EXERCISE GOAL: Could you write out the opening lines of the data, word for word, stopping after the line that contains "settings OptimizationCC: ExpressionDepthLimit=2147483647"?

Dataset entries:
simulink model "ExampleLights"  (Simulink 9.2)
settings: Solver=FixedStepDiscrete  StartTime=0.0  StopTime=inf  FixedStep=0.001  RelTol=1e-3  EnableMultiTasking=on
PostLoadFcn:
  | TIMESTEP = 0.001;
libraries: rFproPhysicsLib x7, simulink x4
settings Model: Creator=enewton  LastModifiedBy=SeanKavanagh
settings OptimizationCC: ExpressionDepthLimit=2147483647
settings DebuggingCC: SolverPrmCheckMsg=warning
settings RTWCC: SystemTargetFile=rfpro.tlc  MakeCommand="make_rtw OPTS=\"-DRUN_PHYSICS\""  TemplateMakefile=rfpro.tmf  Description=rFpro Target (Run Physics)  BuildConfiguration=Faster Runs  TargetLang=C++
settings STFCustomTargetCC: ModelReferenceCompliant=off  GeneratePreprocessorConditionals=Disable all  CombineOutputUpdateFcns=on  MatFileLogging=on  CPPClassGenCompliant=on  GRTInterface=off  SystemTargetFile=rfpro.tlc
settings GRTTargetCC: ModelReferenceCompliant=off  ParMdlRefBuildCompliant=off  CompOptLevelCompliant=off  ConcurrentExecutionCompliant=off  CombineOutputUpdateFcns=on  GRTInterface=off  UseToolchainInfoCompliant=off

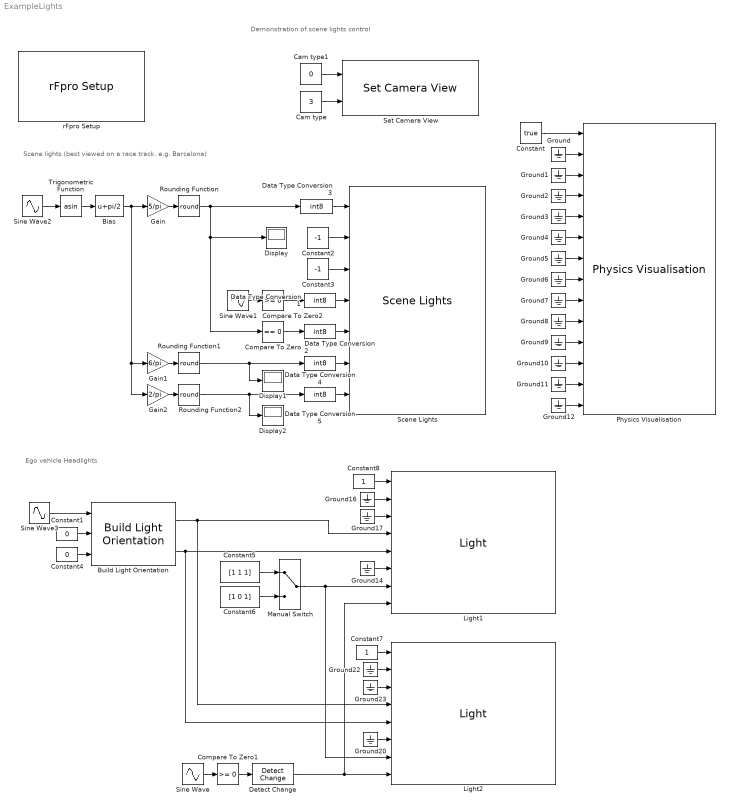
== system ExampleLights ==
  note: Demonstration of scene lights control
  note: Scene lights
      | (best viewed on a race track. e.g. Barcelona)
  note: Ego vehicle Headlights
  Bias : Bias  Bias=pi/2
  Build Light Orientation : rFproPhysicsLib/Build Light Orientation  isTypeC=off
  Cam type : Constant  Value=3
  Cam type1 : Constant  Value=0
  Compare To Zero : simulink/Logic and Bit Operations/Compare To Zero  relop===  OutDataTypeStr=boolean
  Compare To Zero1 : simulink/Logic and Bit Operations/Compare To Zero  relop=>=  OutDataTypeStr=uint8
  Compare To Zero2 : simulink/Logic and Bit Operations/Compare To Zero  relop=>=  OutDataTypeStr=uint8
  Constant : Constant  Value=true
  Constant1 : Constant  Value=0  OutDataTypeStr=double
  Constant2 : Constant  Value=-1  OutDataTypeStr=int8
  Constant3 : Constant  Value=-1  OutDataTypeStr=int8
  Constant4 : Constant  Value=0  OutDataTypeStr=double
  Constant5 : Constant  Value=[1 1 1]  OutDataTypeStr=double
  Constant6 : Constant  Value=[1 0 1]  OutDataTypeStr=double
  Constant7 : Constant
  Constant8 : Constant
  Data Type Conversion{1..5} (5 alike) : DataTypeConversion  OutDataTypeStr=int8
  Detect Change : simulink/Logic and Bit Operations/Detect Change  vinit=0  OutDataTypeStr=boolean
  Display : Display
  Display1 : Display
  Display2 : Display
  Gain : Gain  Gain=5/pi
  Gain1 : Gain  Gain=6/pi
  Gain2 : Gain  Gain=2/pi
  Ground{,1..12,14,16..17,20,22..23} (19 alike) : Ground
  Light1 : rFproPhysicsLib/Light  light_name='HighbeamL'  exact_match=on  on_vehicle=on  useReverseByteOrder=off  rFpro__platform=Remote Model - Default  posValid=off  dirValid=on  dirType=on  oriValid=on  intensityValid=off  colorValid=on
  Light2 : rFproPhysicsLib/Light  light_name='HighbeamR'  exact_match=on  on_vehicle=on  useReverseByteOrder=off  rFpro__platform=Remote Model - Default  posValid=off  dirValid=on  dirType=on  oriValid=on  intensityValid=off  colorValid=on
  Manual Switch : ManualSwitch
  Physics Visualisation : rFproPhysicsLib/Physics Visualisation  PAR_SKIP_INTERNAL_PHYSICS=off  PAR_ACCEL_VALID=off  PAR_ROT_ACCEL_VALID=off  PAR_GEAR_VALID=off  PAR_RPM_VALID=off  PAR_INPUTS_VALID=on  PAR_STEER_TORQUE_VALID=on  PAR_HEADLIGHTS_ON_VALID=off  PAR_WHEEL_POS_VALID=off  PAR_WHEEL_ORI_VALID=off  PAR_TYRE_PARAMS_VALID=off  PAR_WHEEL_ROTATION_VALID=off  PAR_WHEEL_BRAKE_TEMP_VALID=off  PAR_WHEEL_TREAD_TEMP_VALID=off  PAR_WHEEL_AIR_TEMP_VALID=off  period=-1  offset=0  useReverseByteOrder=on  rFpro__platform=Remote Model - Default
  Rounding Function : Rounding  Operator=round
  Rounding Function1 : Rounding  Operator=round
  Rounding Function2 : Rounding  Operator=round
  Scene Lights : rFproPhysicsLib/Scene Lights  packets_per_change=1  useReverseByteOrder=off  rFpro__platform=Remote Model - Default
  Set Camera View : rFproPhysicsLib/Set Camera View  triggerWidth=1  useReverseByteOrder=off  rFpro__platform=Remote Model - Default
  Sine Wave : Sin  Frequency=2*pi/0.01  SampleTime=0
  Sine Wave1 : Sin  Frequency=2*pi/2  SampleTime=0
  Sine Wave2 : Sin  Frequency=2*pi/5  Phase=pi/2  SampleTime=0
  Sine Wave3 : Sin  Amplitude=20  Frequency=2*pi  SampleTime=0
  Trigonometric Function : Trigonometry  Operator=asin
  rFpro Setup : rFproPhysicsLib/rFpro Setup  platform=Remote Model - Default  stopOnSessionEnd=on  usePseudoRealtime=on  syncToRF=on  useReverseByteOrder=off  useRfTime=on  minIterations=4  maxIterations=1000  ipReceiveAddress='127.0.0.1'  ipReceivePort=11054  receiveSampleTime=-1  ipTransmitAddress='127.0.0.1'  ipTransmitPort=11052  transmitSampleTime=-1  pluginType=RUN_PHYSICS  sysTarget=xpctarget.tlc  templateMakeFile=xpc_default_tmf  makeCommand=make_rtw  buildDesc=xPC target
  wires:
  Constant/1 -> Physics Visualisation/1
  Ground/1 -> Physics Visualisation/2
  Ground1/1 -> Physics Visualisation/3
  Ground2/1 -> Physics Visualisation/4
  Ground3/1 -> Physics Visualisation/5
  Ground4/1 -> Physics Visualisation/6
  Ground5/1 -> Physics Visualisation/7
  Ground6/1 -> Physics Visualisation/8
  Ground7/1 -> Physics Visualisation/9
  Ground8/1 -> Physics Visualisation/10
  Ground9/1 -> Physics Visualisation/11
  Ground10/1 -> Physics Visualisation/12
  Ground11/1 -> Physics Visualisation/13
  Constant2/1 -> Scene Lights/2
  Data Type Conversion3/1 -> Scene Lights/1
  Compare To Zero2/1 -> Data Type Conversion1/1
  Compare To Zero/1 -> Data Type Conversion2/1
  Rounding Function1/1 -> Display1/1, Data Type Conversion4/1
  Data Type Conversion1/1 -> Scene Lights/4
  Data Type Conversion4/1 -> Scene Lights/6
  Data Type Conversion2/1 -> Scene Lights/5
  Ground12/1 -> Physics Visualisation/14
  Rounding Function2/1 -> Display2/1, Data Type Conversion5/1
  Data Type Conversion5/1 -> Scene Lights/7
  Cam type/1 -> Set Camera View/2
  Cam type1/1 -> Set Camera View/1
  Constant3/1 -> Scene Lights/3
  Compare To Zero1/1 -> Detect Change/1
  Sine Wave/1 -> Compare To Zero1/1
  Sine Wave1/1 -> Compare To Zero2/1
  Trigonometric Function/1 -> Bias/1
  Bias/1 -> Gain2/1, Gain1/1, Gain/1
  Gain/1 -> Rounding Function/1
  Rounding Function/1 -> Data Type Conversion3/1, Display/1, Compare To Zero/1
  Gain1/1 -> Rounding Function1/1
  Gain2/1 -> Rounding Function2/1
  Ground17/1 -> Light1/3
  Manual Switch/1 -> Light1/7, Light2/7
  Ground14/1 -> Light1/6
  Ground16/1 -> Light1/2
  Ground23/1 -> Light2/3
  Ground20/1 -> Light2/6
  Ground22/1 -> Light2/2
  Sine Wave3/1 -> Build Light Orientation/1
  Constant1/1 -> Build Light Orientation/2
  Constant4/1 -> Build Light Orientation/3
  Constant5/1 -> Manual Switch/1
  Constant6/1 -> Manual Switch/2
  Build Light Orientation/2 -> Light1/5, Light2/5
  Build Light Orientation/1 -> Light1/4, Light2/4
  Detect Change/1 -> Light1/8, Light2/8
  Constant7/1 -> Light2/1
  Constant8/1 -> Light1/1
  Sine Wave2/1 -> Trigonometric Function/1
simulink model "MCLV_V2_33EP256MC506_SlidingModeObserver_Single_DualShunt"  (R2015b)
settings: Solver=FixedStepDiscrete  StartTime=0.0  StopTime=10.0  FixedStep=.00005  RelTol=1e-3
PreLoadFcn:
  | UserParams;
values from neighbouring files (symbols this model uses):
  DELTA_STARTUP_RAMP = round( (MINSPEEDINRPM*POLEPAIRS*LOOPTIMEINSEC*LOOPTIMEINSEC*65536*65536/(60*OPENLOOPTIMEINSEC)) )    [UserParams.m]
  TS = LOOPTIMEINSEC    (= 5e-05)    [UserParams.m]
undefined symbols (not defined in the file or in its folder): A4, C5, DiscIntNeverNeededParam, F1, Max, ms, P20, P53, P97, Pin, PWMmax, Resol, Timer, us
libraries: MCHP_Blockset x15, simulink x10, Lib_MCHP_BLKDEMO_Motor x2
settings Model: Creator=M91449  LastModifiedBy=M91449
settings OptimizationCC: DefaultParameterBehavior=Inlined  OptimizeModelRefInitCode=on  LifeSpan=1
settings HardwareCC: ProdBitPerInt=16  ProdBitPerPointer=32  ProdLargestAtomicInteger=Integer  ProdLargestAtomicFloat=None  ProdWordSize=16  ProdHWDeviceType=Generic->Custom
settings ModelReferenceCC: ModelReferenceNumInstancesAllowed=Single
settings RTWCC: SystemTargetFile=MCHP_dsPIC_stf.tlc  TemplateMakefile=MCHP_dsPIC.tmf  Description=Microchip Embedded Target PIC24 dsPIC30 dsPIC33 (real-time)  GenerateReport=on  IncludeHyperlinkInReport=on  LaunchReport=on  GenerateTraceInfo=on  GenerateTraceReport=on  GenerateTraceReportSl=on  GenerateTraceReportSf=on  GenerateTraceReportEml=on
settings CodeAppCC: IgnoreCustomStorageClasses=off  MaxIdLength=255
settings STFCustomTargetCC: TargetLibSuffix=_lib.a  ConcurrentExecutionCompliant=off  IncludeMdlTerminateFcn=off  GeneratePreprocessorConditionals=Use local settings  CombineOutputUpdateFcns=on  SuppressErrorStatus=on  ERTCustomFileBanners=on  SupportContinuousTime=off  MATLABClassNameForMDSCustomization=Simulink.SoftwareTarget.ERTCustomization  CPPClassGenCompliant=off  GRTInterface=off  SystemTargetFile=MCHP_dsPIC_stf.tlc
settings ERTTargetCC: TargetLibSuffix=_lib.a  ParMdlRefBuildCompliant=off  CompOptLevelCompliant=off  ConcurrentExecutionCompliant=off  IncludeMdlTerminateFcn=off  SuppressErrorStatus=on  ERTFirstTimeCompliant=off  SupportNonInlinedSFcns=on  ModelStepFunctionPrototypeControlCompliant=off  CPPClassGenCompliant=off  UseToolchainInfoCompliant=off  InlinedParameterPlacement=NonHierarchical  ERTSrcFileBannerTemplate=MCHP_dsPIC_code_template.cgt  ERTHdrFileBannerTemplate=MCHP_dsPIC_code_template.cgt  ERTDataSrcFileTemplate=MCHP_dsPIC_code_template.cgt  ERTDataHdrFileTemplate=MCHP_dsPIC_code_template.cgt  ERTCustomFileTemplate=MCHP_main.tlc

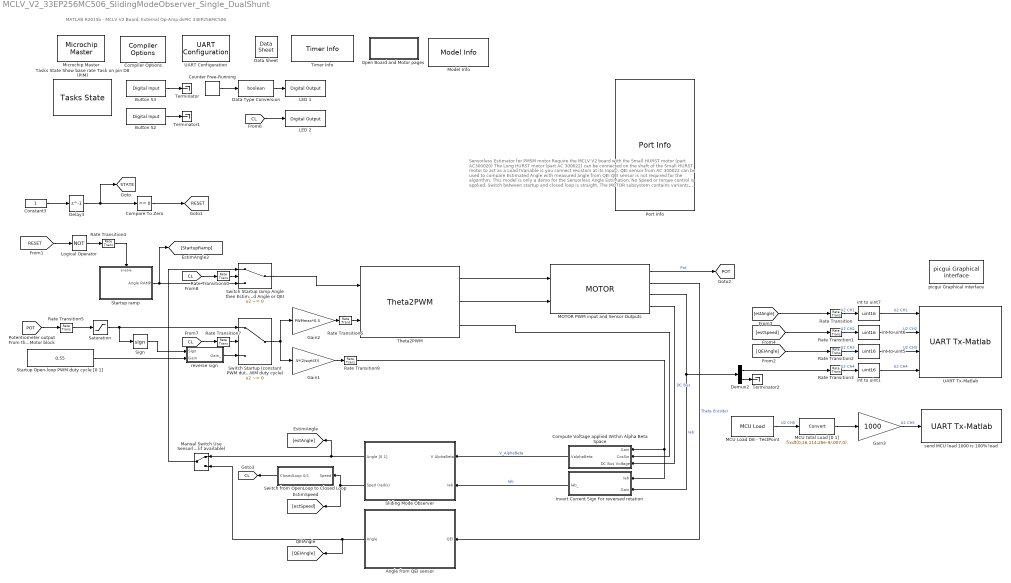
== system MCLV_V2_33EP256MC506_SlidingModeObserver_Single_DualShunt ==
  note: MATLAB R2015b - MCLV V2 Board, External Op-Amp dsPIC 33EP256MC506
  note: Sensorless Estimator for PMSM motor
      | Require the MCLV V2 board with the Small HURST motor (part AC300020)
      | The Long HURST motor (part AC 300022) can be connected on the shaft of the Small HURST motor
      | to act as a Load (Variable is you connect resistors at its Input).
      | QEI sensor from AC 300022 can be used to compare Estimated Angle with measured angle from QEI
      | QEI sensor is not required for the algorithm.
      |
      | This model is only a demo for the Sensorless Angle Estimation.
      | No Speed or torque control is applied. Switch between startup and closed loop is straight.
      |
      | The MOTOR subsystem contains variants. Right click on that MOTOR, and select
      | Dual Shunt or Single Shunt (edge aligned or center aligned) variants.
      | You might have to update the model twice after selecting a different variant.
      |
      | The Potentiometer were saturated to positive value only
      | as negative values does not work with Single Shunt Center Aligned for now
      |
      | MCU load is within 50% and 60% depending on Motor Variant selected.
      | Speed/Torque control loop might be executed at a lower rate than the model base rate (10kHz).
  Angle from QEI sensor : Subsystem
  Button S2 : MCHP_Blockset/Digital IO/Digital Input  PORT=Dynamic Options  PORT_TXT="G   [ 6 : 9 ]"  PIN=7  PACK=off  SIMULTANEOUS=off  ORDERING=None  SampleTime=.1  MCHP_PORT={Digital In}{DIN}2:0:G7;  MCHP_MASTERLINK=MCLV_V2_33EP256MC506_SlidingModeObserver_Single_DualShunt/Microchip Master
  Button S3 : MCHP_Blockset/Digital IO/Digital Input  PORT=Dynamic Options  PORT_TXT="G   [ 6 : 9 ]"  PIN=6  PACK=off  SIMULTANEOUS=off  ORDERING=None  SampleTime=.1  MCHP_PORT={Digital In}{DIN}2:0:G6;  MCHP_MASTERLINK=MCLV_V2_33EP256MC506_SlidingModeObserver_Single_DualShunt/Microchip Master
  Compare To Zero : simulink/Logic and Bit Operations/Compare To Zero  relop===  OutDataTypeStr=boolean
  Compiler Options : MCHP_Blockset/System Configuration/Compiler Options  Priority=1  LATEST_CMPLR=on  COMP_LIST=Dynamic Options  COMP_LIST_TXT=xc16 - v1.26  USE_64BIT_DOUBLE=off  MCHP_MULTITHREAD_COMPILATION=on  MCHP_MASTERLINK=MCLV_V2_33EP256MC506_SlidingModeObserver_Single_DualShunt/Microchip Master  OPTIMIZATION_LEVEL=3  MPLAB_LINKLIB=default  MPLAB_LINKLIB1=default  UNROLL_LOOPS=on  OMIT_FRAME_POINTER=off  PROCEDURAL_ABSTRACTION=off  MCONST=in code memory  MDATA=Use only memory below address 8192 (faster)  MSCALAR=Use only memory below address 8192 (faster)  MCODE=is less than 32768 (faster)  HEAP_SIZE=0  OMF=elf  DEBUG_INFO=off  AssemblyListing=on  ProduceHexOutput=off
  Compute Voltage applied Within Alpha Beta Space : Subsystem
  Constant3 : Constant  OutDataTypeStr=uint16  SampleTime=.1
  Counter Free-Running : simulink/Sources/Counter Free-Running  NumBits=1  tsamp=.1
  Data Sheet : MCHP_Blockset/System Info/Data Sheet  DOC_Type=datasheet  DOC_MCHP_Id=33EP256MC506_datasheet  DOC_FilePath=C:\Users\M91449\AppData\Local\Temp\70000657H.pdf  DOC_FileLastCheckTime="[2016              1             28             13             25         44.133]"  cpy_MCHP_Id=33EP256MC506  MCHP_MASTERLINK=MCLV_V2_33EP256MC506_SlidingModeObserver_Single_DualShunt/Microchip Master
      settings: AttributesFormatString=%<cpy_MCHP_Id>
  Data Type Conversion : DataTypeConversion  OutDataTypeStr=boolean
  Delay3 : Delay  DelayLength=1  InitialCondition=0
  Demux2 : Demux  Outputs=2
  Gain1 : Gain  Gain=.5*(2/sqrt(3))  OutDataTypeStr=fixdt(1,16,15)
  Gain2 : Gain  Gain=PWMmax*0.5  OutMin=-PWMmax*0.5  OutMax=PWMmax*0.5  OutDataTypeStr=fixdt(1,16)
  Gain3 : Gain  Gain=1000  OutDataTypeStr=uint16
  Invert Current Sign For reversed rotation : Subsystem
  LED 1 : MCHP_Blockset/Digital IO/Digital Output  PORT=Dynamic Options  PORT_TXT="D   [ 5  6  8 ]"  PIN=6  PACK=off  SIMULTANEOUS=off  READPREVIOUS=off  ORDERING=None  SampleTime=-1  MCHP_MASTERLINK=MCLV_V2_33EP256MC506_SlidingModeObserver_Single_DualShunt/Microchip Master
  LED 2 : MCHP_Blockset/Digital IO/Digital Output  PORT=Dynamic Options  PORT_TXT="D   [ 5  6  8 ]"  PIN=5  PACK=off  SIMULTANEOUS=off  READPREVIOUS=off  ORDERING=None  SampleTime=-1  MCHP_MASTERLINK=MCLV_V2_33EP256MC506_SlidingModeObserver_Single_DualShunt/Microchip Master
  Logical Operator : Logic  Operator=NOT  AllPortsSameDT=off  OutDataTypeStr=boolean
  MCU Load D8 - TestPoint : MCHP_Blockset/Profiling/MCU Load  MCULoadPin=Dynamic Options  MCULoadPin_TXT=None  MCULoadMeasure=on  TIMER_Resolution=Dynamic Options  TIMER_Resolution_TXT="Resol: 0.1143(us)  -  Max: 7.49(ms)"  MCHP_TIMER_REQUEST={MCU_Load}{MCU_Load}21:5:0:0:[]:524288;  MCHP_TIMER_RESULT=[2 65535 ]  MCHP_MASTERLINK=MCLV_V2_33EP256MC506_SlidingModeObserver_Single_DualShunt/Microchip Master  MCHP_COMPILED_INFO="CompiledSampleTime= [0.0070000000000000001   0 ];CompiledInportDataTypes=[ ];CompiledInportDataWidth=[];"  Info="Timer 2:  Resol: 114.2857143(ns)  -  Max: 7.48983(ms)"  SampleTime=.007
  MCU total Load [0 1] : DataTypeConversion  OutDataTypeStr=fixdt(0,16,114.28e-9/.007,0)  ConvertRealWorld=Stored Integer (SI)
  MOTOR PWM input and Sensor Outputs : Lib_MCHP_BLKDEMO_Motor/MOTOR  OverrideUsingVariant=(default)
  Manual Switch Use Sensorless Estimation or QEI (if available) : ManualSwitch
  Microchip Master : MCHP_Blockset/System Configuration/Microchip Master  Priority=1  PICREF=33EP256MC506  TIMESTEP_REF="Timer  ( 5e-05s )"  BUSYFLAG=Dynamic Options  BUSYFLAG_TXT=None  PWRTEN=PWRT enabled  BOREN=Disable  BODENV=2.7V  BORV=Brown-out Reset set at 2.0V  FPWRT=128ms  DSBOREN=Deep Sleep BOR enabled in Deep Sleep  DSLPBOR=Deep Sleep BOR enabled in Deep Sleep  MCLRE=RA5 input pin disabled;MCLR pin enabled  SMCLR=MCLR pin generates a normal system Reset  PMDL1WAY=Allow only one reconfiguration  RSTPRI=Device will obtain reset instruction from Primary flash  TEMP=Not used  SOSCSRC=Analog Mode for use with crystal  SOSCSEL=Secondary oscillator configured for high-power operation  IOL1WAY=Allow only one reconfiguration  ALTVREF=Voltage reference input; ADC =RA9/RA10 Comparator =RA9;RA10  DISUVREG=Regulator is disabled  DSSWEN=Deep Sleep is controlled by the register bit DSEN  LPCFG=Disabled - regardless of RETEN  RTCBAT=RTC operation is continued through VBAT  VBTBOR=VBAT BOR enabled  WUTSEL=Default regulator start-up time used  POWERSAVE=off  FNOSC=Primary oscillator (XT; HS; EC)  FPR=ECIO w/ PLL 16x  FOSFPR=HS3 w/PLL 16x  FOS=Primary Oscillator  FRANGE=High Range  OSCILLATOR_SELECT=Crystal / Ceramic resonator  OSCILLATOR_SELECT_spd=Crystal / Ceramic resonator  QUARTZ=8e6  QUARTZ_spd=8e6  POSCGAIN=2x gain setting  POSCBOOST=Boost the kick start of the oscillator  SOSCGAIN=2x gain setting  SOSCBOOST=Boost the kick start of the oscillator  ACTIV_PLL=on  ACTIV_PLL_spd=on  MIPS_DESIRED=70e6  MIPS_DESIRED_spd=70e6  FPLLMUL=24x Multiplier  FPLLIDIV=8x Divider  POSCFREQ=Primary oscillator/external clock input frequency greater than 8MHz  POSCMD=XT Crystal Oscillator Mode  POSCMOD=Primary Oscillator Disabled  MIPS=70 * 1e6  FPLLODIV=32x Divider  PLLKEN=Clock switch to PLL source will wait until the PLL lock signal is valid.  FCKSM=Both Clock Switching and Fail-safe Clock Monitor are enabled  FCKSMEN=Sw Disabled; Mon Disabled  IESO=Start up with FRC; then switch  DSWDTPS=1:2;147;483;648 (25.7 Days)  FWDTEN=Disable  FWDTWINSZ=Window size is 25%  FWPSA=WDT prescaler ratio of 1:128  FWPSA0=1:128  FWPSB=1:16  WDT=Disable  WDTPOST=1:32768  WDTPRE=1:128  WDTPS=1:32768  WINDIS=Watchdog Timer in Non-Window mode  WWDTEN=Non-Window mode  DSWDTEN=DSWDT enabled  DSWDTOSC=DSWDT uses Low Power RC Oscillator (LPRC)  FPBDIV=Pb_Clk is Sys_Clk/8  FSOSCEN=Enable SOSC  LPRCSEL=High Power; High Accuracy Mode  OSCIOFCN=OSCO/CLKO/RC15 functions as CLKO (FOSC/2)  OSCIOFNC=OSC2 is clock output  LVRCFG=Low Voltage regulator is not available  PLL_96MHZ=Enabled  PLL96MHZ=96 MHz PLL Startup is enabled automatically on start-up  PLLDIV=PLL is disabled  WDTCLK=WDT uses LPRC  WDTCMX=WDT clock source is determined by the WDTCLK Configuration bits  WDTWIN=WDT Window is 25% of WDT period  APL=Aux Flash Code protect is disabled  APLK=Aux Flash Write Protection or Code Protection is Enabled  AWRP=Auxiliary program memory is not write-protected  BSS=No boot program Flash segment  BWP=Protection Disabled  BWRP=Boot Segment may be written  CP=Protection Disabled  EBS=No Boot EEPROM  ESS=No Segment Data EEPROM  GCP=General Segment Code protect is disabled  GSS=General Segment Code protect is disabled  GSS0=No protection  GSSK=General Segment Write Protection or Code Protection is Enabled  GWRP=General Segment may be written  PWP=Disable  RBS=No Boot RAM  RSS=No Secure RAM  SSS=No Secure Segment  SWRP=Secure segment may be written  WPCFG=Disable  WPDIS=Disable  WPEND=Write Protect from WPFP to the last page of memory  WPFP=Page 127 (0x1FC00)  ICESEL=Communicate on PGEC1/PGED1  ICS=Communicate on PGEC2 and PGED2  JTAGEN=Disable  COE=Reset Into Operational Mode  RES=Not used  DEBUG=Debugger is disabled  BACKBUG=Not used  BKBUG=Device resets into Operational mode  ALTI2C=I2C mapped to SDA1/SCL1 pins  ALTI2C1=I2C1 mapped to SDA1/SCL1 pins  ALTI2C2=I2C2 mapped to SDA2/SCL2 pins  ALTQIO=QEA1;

RESPONSE:
simulink model "ExampleLights"  (Simulink 9.2)
settings: Solver=FixedStepDiscrete  StartTime=0.0  StopTime=inf  FixedStep=0.001  RelTol=1e-3  EnableMultiTasking=on
PostLoadFcn:
  | TIMESTEP = 0.001;
libraries: rFproPhysicsLib x7, simulink x4
settings Model: Creator=enewton  LastModifiedBy=SeanKavanagh
settings OptimizationCC: ExpressionDepthLimit=2147483647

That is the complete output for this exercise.